#### INPUT DATA:
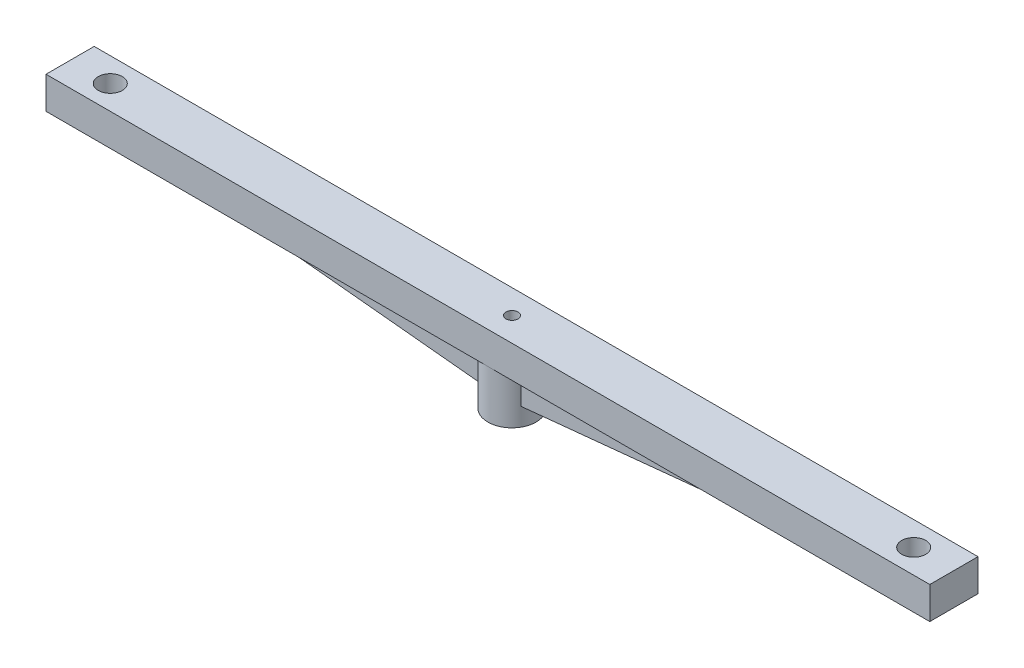
SolidWorks part; units mm, degrees
material "Plain Carbon Steel"
ref_plane "Front Plane" through (0, 0, 0) normal (0, 0, 1) x (1, 0, 0)
ref_plane "Top Plane" through (0, 0, 0) normal (0, 1, 0) x (1, 0, 0)
ref_plane "Right Plane" through (0, 0, 0) normal (1, 0, 0) x (0, 0, -1)
sketch "Sketch1" plane through (0, 0, 0) normal (0, 0, 1) x (1, 0, 0)
  line L1 (55, -2) -> (-55, -2)
  line L2 (55, -2) -> (55, 2)
  line L3 (55, 2) -> (-55, 2)
  line L4 (-55, -2) -> (-55, 2)
  line L5 (55, -2) -> (-55, 2) construction
  line L6 (55, 2) -> (-55, -2) construction
  point P0 (0, 0)
  dimension "D1" = 110
  dimension "D2" = 4
extrude "Boss-Extrude1" add sketch "Sketch1" along normal mid plane 6
sketch "Sketch2" plane through (0, 0, 0) normal (0, 0, 1) x (1, 0, 0)
  line L0 (-40, -2) -> (0, -6)
  line L1 (-55, -2) -> (55, -2) construction
  line L2 (0, -6) -> (40, -2)
  line L3 (0, -2) -> (0, -6) construction
  line L4 (-55, 2) -> (-55, -2) construction
  line L5 (-40, -2) -> (40, -2)
  dimension "D1" = 4
  dimension "D2" = 15
extrude "Boss-Extrude2" add sketch "Sketch2" along normal mid plane 3
hole_wizard "Ø3.0 (3) Diameter Hole1" positions "Sketch3" profile "Sketch4" hole size "Ø3.0" standard "ANSI Metric" end condition up to next
sketch "Sketch3" plane through (0, 2, 0) normal (0, 1, 0) x (1, 0, 0)
  line L0 (-55, -3) -> (-55, 3) construction
  line L1 (55, -3) -> (55, 3) construction
  point P0 (-50, 0)
  point P2 (50, 0)
  dimension "D1" = 5
  dimension "D2" = 5
sketch "Sketch4" plane through (-50, 2, 0) normal (1, 0, 0) x (0, 0, 1)
  line L0 (0, 0) -> (0, 4)
  line L1 (0, 4) -> (1.5, 4)
  line L2 (1.5, 4) -> (1.5, 0)
  line L5 (1.5, 0) -> (0, 0)
  line L11 (0, -6.35) -> (0, 107.95) construction
  dimension "Thru Hole Dia." = 3
  dimension "Thru Hole Depth" = 4
sketch "Sketch5" plane through (0, -2, 0) normal (0, -1, 0) x (1, 0, 0)
  line L0 (-55, 3) -> (55, 3) construction
  circle A0 centre (0, 0) radius 3
extrude "Boss-Extrude3" add sketch "Sketch5" along normal blind 6
hole_wizard "Ø1.5 (1.5) Diameter Hole1" positions "Sketch6" profile "Sketch7" hole size "Ø1.5" standard "ANSI Metric" end condition up to next
sketch "Sketch6" plane through (0, -8, 0) normal (0, -1, 0) x (-1, 0, 0)
  point P0 (0, 0)
sketch "Sketch7" plane through (0, -8, 0) normal (1, 0, 0) x (0, 0, -1)
  line L0 (0, 0) -> (0, 10)
  line L1 (0, 10) -> (0.75, 10)
  line L2 (0.75, 10) -> (0.75, 0)
  line L5 (0.75, 0) -> (0, 0)
  line L11 (0, -6.35) -> (0, 107.95) construction
  dimension "Thru Hole Dia." = 1.5
  dimension "Thru Hole Depth" = 10
sketch "Sketch8" plane through (0, -8, 0) normal (0, -1, 0) x (1, 0, 0)
  circle A0 centre (0, 0) radius 2
  dimension "D1" = 4
extrude "Cut-Extrude1" cut sketch "Sketch8" against normal up to surface (6 mm away) up to face at (-24.4498, -2, 0)

#### WORK ITEM:
Return, from the data, each line where the string "size" occurs.

#### SOLUTION FOR THIS PROBLEM:
hole_wizard "Ø3.0 (3) Diameter Hole1" positions "Sketch3" profile "Sketch4" hole size "Ø3.0" standard "ANSI Metric" end condition up to next
hole_wizard "Ø1.5 (1.5) Diameter Hole1" positions "Sketch6" profile "Sketch7" hole size "Ø1.5" standard "ANSI Metric" end condition up to next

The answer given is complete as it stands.